The attacks were in the Twittersphere, so I decided to fight fire with fire.

For weeks, the word war was abuzz with contradictory stories of SNC-Lavalin and former attorney general and justice minister Jody Wilson-Raybould. My question at the time, still unanswered, was “why does Wilson-Raybould want to deliver the election to Andrew Scheer?”

The Twitter response was brutal. I was deemed anti-women and anti-aboriginal. I was so discouraged at the vitriol emanating from that universe that I vowed to get out.

But a friend made me promise to hang in there until the election was over.

She believed that social media interventions would play a major role in the election outcome.

At her request, I agreed to stay active on Twitter until Oct. 21. It has been a debilitating and exhausting experience. It is impossible to influence anonymous participants who are so filled with hate.

I am a great believer that negativity breeds negativity. To be happy in life, you should surround yourself with positivity.

That isn’t possible on Twitter. I found myself getting more and more negative by the day. But people should vote on the positive program of a government.

Trudeau has made more than his share of mistakes. But as for his agenda, never in the history of the country has a prime minister embraced Indigenous reconciliation so wholeheartedly. Never has a prime minister taken the issue of climate change to heart, and developed a real plan to turn the situation around. Never has a prime minister aggressively tackled poverty and embraced minority sexual communities.

Trudeau’s vision is exemplary. He definitely deserves the second term that former U.S. president Barack Obama recommended.

Obama’s words speak for themselves. “I was proud to work with Justin Trudeau as president. He’s a hard-working, effective leader who takes on big issues like climate change. The world needs his progressive leadership now, and I hope our neighbours to the North support him for another term.”

With that endorsement from such a respected world leader, Trudeau should be rewarded with re-election. Maybe the experience of the last four years will also strengthen his backbone.

One of his biggest mistakes was not dealing with the poison festering in his own cabinet.

Trudeau’s patience with two cabinet ministers who were attacking him publicly was, without a doubt, a reflection of his commitment to do politics differently.

On the surface, that vision inspired a whole generation of political agnostics to get involved.

But in the end, Trudeau learned what every prime minister has known since the beginning of Canada. There is only one way to do politics.

Governments need to lead, and if that means being tough from time to time, so be it.

The Liberals naively set up a committee to review the voting system, with the New Democrats in the chair.

But the failure to deliver on that voting promise is Trudeau’s and Trudeau’s alone.

He cannot waste precious election time explaining why there was no consensus in a Parliament where the Conservatives sought a referendum, and the New Democrats insisted on consideration of only one option, that of proportional representation.

Had a member of the government with political experience led the discussion, the voting system could have been changed.

Trudeau recruited fresh faces, including Canada’s first aboriginal attorney general. Wilson-Raybould had only three years experience working as a prosecutor.
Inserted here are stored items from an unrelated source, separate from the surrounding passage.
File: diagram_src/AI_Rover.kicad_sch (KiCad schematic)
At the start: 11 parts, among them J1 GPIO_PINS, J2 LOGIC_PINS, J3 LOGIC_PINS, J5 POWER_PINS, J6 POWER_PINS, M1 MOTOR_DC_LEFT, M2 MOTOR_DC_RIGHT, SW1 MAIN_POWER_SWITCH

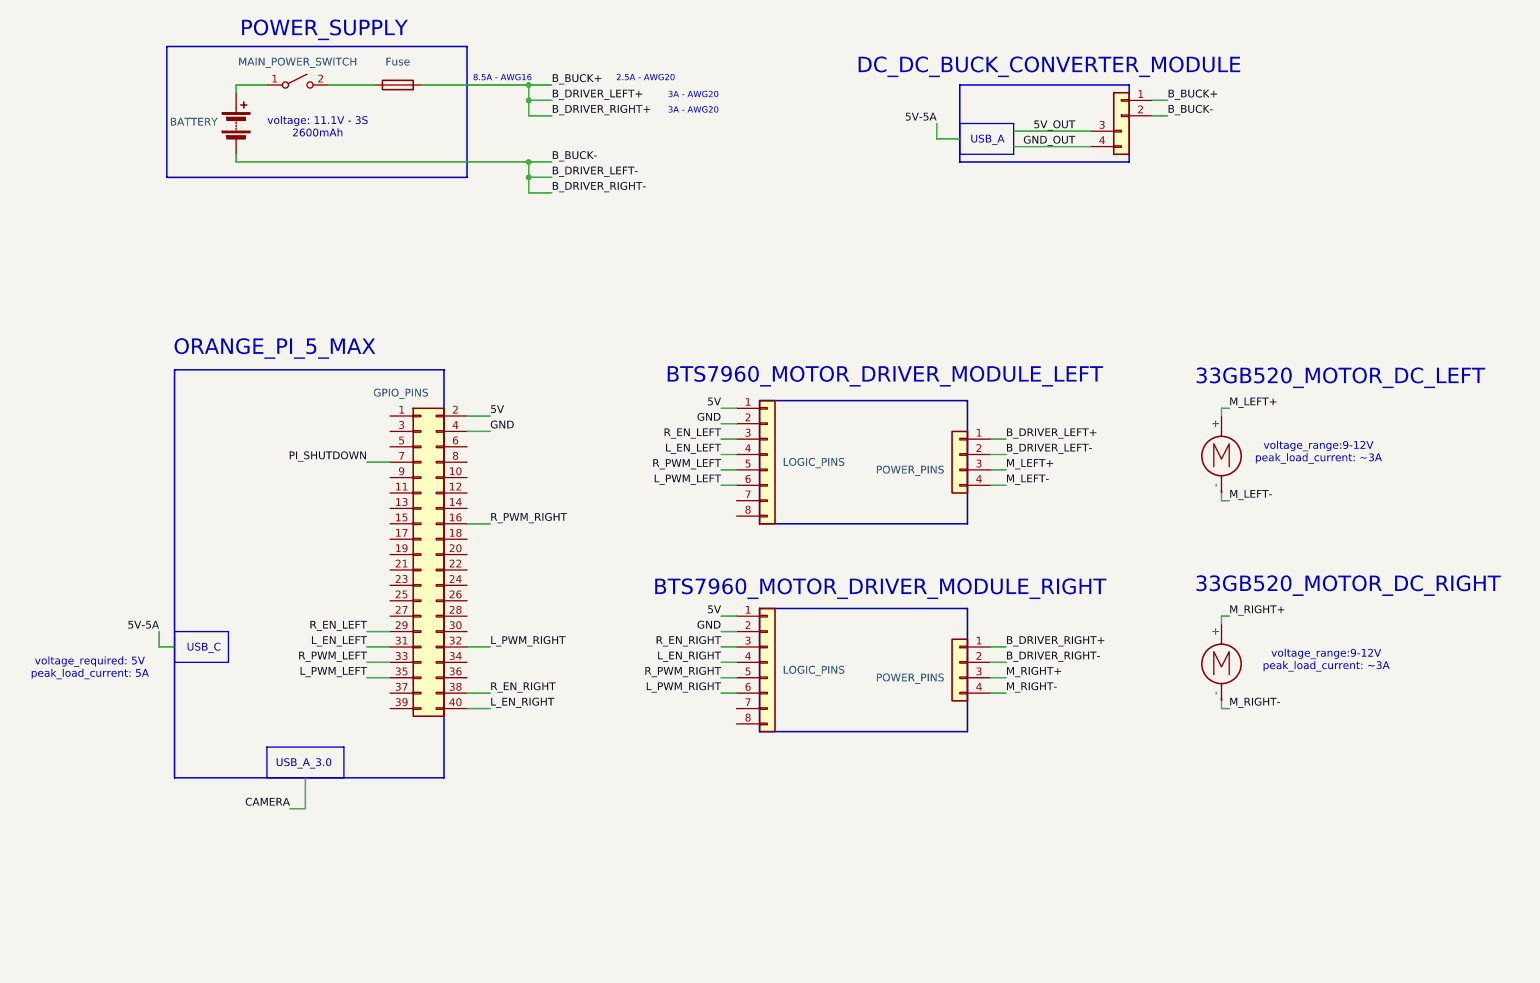
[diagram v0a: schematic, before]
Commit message: Hardware: Add IMU and small improvements to Wiring Schematic
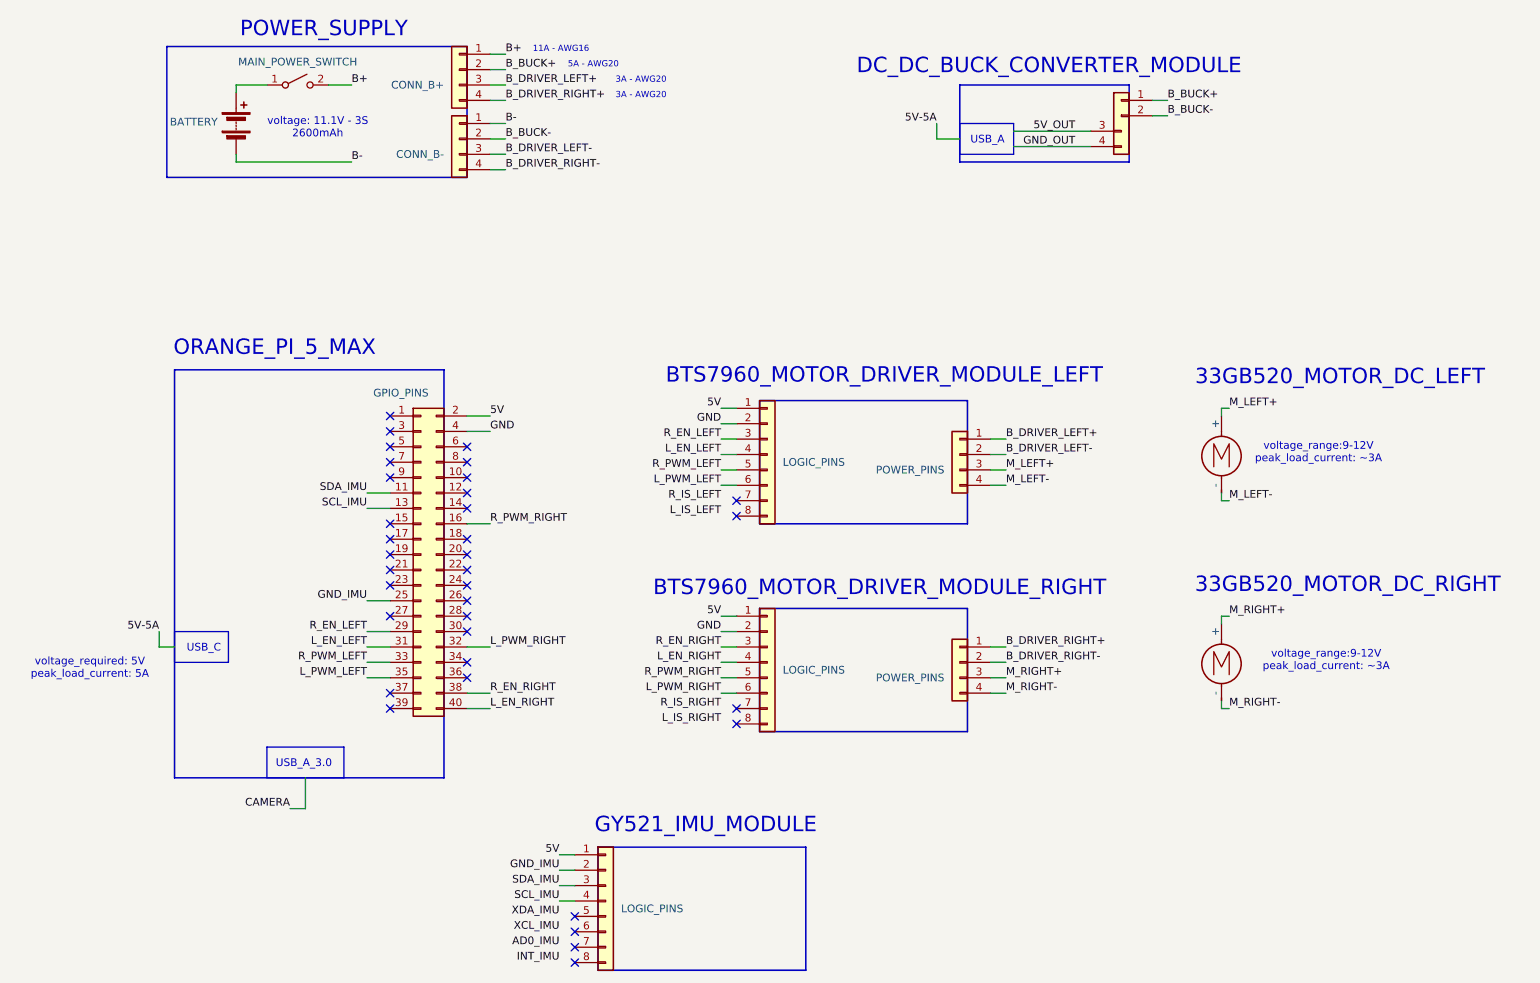
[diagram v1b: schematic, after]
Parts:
- removed F1: Fuse, symbol Device:Fuse
- added J?: CONN_B+, symbol Connector_Generic:Conn_01x04
- added J?: LOGIC_PINS, symbol Connector_Generic:Conn_01x08
- added J?: CONN_B-, symbol Connector_Generic:Conn_01x04
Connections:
- net 5V: now also J?.1 (Pin_1)
- net B_BUCK+: now also J?.2 (Pin_2); no longer J5.1 (Pin_1), J6.1 (Pin_1)
- net B_BUCK-: now also J?.2 (Pin_2); no longer BT1.2 (-), J5.2 (Pin_2), J6.2 (Pin_2)
- net SDA_IMU: now reaches J1.11 (Pin_11)
- net SDA_IMU: now also J?.3 (Pin_3)
- net SCL_IMU: now reaches J1.13 (Pin_13)
- net SCL_IMU: now also J?.4 (Pin_4)
- net GND_IMU: now reaches J1.25 (Pin_25)
- net GND_IMU: now also J?.2 (Pin_2)
- net B+: now reaches SW1.2 (B)
- net B+: now also J?.1 (Pin_1)
- net PI_SHUTDOWN: no longer names the net of J1.7 (Pin_7)
- new net B-: BT1.2 (-), J?.1 (Pin_1)
- new net B_DRIVER_LEFT+: J5.1 (Pin_1), J?.3 (Pin_3)
- new net B_DRIVER_LEFT-: J5.2 (Pin_2), J?.3 (Pin_3)
- new net B_DRIVER_RIGHT+: J6.1 (Pin_1), J?.4 (Pin_4)
- new net B_DRIVER_RIGHT-: J6.2 (Pin_2), J?.4 (Pin_4)
- no-connect marks 0 -> 35
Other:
- note added: "11A - AWG16"
- note added: "5A - AWG20"
- note added: "GY521_IMU_MODULE"
- note removed: "2.5A - AWG20"
- note removed: "8.5A - AWG16"

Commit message: Hardware: Fix wiring issue, cause of GPIO Pins misalignment of 5V pin
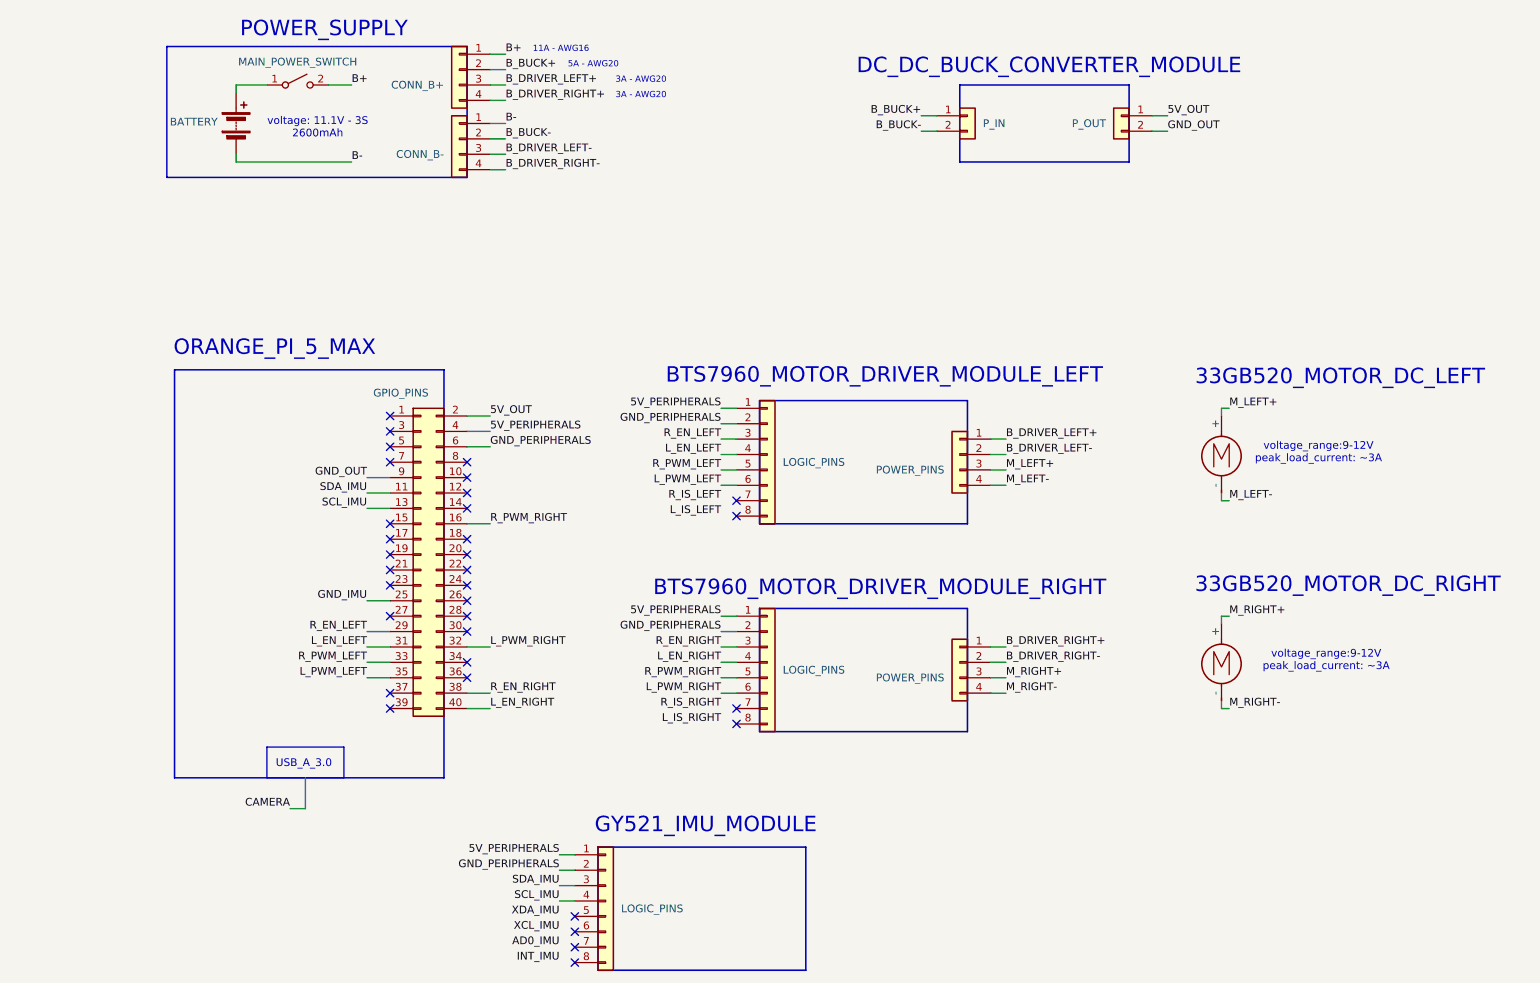
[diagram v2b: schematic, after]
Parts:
- removed J4: (no value), symbol Connector_Generic:Conn_01x04
- added J?: P_OUT, symbol Connector_Generic:Conn_01x02
- added J?: P_IN, symbol Connector_Generic:Conn_01x02
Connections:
- net 5V_OUT: now also J1.2 (Pin_2), J?.1 (Pin_1)
- net B_BUCK+: now also J?.1 (Pin_1)
- net B_BUCK-: now also J?.2 (Pin_2)
- net GND_IMU: no longer J?.2 (Pin_2)
- net GND_OUT: now also J1.9 (Pin_9), J?.2 (Pin_2)
- net GND_PERIPHERALS: now reaches J1.6 (Pin_6)
- net GND_PERIPHERALS: now also J2.2 (Pin_2), J3.2 (Pin_2), J?.2 (Pin_2)
- net 5V renamed 5V_PERIPHERALS
- net 5V_PERIPHERALS: now also J1.4 (Pin_4); no longer J1.2 (Pin_2)
- removed net GND: J1.4 (Pin_4), J2.2 (Pin_2), J3.2 (Pin_2)
- no-connect marks 35 -> 33
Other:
- note removed: "USB_A"
- note removed: "USB_C"
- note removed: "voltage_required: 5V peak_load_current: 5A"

He also named other newbies, talented people with incredible backgrounds, but zero political experience.

One of those was the minister responsible for delivering on Trudeau’s promise to change the voting system. Maryam Monsef went from Afghani refugee to a seat at the cabinet table with only eight months membership in a party.

To manage an electoral reform agenda, you need a broad and deep understanding of how elections work.

The “mantra” of doing politics differently has convinced former ministers Jane Philpott and Wilson-Raybould to run as Independents. They both believe Canada should be governed like a giant citizen’s assembly with members voting their constituents’ wishes.

In a country as diverse as ours, that would be chaos.

There is something to be said for a Westminster system that has functioned for more than 400 years.

Successful Parliaments are not about doing politics differently.